Yuwei Chen, Prashansa Agrawal, Robert V. Brown, Emmanuel Hatzakis, Laurence Hurley, Danzhou Yang

Research output: Contribution to journalArticlepeer-review

63 Scopus citations

Abstract

Overexpression of platelet-derived growth factor receptor β (PDGFR-β) has been associated with cancers and vascular and fibrotic disorders. PDGFR-β has become an attractive target for the treatment of cancers and fibrotic disorders. DNA G-quadruplexes formed in the GC-rich nuclease hypersensitivity element of the human PDGFR-β gene promoter have been found to inhibit PDGFR-β transcriptional activity. Here we determined the major G-quadruplex formed in the PDGFR-β promoter.
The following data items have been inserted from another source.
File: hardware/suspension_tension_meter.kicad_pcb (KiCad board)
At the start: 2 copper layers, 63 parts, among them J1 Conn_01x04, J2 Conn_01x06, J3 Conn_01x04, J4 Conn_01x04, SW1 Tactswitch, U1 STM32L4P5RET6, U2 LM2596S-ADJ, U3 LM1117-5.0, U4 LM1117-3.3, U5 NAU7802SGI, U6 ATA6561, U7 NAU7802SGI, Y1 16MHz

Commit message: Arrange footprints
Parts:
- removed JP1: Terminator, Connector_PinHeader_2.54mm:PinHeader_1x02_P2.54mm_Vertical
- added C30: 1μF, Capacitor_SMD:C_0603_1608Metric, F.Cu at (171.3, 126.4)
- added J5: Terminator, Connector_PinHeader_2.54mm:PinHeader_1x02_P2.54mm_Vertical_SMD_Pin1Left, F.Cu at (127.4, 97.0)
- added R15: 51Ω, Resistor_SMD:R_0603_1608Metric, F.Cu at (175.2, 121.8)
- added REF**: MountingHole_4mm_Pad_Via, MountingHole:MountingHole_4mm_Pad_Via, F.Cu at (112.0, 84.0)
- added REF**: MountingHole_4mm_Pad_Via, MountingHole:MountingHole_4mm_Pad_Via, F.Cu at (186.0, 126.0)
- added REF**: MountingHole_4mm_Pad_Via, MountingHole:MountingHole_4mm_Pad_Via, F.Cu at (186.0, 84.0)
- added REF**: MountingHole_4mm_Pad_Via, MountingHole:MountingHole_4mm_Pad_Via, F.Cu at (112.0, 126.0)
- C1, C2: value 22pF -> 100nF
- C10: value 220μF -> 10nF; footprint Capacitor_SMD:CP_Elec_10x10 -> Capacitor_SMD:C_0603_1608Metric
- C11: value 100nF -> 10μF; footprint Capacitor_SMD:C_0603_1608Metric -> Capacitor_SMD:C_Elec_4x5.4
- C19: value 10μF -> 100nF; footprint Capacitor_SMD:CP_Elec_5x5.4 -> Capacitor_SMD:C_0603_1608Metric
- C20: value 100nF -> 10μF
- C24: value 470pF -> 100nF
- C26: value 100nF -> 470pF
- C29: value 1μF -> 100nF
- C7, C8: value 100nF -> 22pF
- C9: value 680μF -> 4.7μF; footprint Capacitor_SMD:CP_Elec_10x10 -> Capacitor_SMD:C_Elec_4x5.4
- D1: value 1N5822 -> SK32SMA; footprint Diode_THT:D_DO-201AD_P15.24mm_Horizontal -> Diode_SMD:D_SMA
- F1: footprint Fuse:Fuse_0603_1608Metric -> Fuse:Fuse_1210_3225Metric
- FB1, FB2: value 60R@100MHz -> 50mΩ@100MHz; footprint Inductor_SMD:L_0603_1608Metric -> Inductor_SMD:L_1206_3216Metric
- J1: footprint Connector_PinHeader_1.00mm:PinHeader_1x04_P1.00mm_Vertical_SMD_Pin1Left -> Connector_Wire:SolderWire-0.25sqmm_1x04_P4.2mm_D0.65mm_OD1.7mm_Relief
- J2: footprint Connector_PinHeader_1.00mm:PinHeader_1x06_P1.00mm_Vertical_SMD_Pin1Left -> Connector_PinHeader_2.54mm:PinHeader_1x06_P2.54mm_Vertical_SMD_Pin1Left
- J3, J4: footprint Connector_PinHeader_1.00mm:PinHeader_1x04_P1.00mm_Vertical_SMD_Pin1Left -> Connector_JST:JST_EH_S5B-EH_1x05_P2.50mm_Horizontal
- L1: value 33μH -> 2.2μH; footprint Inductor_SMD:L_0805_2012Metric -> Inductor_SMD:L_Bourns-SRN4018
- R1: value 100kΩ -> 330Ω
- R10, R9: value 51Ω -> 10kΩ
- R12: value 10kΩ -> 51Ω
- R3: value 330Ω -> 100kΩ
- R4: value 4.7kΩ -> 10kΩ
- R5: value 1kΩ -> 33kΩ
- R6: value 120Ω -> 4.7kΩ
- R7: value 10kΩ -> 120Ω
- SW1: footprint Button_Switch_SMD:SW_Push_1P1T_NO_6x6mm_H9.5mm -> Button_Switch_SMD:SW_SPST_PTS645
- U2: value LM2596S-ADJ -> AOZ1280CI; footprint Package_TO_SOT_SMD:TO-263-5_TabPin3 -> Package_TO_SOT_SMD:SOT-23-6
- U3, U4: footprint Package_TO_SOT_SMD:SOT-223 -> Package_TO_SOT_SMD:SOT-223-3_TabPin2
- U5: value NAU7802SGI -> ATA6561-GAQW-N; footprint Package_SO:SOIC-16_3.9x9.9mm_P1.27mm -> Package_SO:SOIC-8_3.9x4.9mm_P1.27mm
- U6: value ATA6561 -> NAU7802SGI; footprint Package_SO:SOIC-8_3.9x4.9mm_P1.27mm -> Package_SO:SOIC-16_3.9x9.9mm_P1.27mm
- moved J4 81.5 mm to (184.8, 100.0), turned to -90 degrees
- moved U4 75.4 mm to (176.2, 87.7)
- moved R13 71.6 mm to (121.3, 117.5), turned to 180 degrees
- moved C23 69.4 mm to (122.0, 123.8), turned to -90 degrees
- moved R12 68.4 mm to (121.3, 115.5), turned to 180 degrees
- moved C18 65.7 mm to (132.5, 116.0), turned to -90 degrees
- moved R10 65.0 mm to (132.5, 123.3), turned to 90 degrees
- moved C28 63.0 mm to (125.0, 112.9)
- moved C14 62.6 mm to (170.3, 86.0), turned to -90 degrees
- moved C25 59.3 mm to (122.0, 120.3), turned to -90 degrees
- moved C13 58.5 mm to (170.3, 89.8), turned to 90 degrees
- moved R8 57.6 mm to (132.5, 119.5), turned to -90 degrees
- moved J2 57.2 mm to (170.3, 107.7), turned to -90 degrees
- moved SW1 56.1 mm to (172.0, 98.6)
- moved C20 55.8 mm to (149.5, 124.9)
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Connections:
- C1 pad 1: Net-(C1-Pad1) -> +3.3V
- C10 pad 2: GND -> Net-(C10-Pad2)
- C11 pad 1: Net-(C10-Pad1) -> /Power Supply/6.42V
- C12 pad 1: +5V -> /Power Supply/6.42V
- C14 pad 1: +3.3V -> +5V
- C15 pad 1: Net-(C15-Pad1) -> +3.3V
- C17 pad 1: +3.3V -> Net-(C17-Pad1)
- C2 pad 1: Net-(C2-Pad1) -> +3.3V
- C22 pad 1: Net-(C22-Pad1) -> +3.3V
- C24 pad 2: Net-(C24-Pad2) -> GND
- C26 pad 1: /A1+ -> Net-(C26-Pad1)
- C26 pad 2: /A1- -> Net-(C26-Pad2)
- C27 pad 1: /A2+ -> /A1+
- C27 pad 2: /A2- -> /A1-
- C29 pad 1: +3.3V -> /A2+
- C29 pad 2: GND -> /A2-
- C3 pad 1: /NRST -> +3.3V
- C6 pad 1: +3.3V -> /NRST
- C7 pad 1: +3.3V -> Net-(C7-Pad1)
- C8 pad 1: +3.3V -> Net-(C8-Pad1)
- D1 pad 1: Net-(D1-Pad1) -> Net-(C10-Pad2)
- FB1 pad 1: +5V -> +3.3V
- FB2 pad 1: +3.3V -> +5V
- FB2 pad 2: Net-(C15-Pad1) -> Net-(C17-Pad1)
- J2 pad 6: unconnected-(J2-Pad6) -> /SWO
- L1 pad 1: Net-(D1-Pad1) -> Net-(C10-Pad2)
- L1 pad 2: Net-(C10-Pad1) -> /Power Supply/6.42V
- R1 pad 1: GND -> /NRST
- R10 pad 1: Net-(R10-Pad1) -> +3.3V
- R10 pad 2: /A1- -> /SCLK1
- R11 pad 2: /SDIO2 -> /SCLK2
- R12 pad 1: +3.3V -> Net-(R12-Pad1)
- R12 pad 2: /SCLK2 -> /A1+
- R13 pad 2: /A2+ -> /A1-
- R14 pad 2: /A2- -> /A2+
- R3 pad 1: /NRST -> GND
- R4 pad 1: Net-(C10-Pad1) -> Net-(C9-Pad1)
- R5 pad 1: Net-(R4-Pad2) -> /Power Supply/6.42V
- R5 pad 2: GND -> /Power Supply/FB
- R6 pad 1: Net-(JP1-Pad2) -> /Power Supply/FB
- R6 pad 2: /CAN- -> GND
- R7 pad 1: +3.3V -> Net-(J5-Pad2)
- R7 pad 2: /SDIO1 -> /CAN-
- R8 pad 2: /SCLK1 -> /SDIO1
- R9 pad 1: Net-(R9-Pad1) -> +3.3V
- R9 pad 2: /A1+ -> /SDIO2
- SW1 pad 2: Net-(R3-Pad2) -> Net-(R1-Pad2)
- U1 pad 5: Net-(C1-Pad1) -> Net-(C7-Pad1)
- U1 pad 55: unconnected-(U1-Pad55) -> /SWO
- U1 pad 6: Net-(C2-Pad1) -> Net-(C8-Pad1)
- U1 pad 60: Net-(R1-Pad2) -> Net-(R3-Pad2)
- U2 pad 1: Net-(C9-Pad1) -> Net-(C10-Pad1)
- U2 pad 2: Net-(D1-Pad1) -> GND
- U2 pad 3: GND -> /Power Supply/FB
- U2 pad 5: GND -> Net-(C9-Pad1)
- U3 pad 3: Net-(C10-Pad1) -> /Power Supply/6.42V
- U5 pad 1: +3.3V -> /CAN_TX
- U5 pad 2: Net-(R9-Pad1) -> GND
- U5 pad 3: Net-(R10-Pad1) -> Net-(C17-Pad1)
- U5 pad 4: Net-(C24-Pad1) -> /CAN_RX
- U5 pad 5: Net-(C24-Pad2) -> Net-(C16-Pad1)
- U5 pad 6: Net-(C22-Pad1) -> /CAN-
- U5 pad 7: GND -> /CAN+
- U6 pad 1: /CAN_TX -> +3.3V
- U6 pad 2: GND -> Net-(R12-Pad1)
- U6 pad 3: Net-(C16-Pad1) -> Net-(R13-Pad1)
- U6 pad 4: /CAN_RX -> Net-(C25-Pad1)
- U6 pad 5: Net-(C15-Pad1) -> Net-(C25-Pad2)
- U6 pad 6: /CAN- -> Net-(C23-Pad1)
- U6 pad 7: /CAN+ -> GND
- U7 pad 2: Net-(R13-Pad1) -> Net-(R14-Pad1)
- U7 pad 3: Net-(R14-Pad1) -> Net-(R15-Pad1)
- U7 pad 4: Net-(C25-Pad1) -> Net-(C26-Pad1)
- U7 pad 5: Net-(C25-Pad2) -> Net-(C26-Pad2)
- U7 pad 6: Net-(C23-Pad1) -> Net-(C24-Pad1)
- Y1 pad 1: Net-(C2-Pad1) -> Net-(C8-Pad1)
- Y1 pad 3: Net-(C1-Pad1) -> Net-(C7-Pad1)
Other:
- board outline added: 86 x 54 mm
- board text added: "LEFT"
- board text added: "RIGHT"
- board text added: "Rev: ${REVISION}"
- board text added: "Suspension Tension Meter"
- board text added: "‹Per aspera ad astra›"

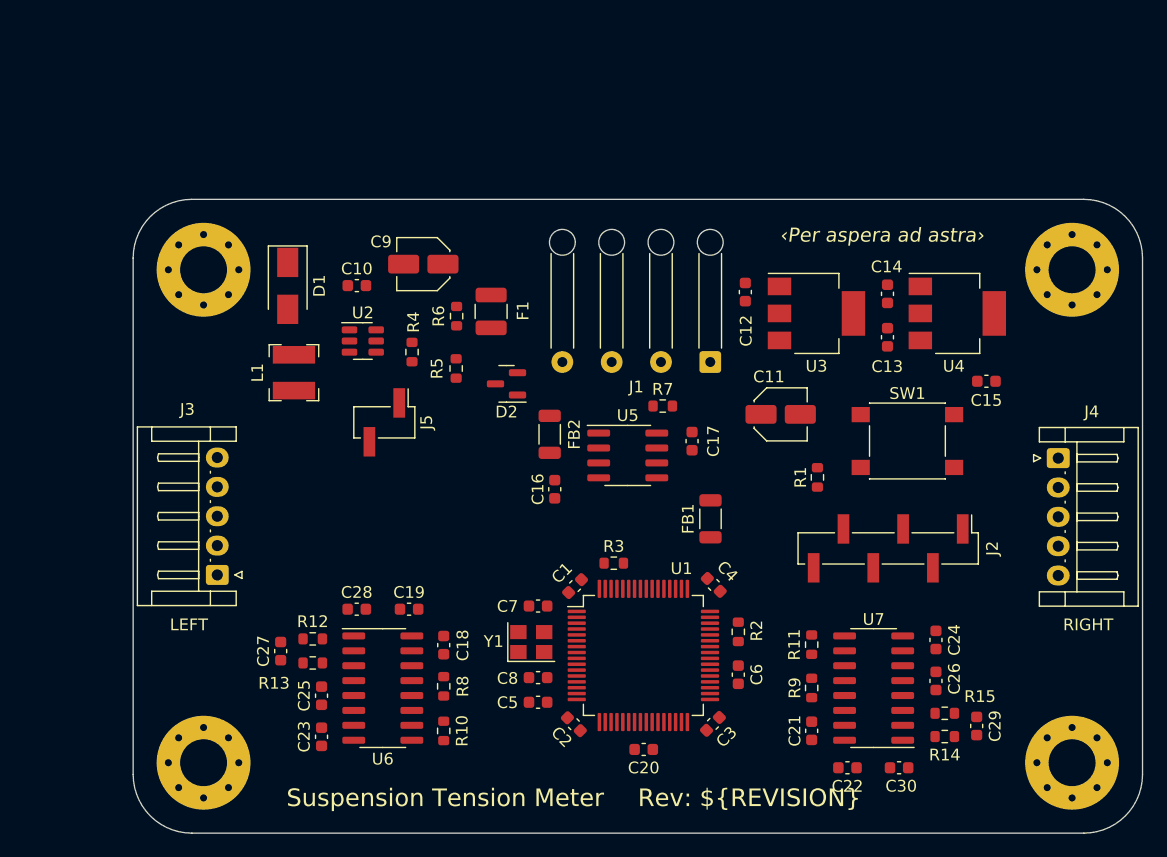
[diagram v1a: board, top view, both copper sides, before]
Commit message: Make the PCB more compact
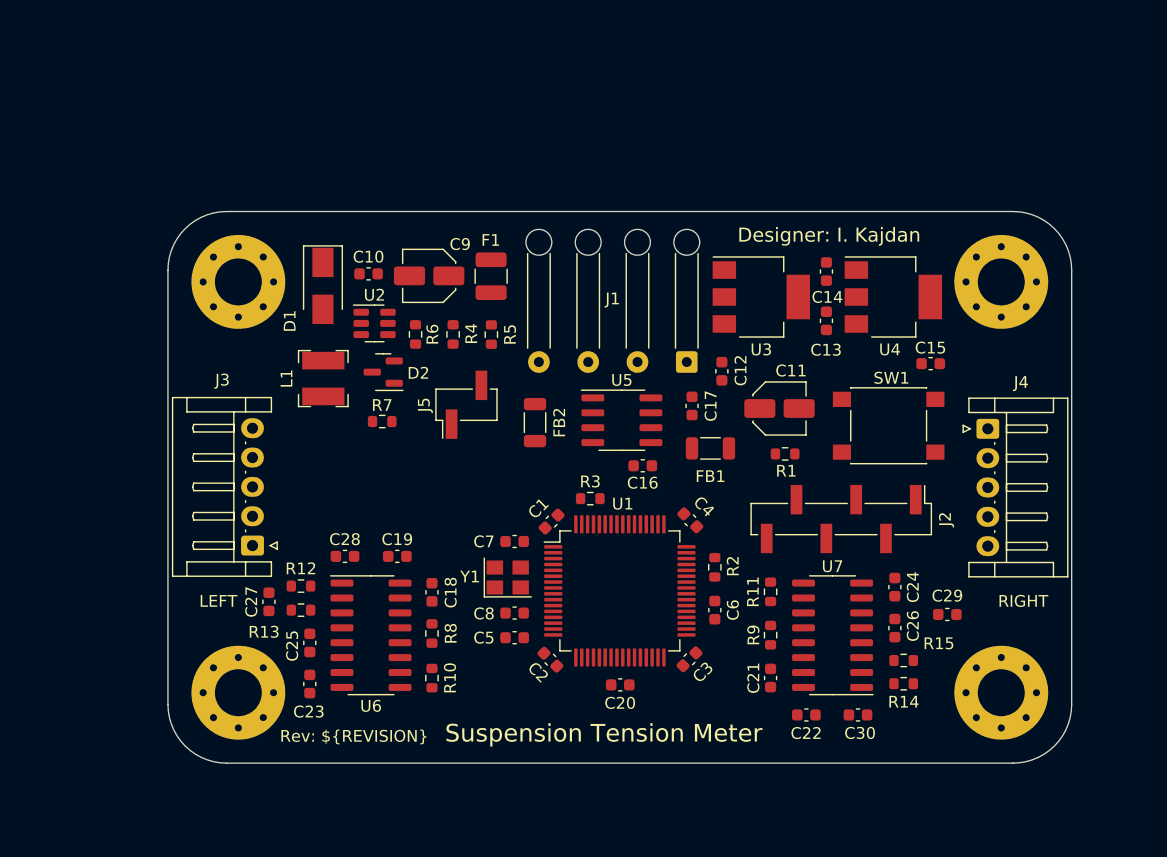
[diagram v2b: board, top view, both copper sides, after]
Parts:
- moved REF** 41.4 mm to (180.0, 85.0)
- moved REF** 36.5 mm to (180.0, 120.0)
- moved R7 23.9 mm to (127.2, 96.9), turned to 180 degrees
- moved D2 10.5 mm to (127.3, 92.7)
- moved C29 9.82 mm to (175.4, 113.4), turned to 180 degrees
- moved C16 7.76 mm to (149.4, 100.7), turned to 180 degrees
- moved J5 7.16 mm to (134.4, 95.5), turned to 90 degrees
- moved C12 7.04 mm to (156.2, 92.7), turned to -90 degrees
- moved REF** 6.66 mm to (115.0, 120.0)
- moved J4 6.50 mm to (178.8, 97.5)
- moved FB1 6.00 mm to (155.2, 99.2), turned to 180 degrees
- moved C1 5.85 mm to (141.7, 105.5)
- moved C2 5.85 mm to (141.6, 117.2)
- moved C20 5.85 mm to (147.5, 119.4)
- moved C3 5.85 mm to (153.4, 117.2)
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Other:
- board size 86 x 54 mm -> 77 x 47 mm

Instead of using four continuous runs with three or more guanines, this G-quadruplex adopts a novel folding with a broken G-strand to form a primarily parallel-stranded intramolecular structure with three 1 nucleotide (nt) double-chain-reversal loops and one additional lateral loop. The novel folding of the PDGFR-β promoter G-quadruplex emphasizes the robustness of parallel-stranded structural motifs with a 1 nt loop. Considering recent progress on G-quadruplexes formed in gene-promoter sequences, we suggest the 1 nt looped GiNGj motif may have been evolutionarily selected to serve as a stable foundation upon which the promoter G-quadruplexes can build. The novel folding of the PDGFR-β promoter G-quadruplex may be attractive for small-molecule drugs that specifically target this secondary structure and modulate PDGFR-β gene expression.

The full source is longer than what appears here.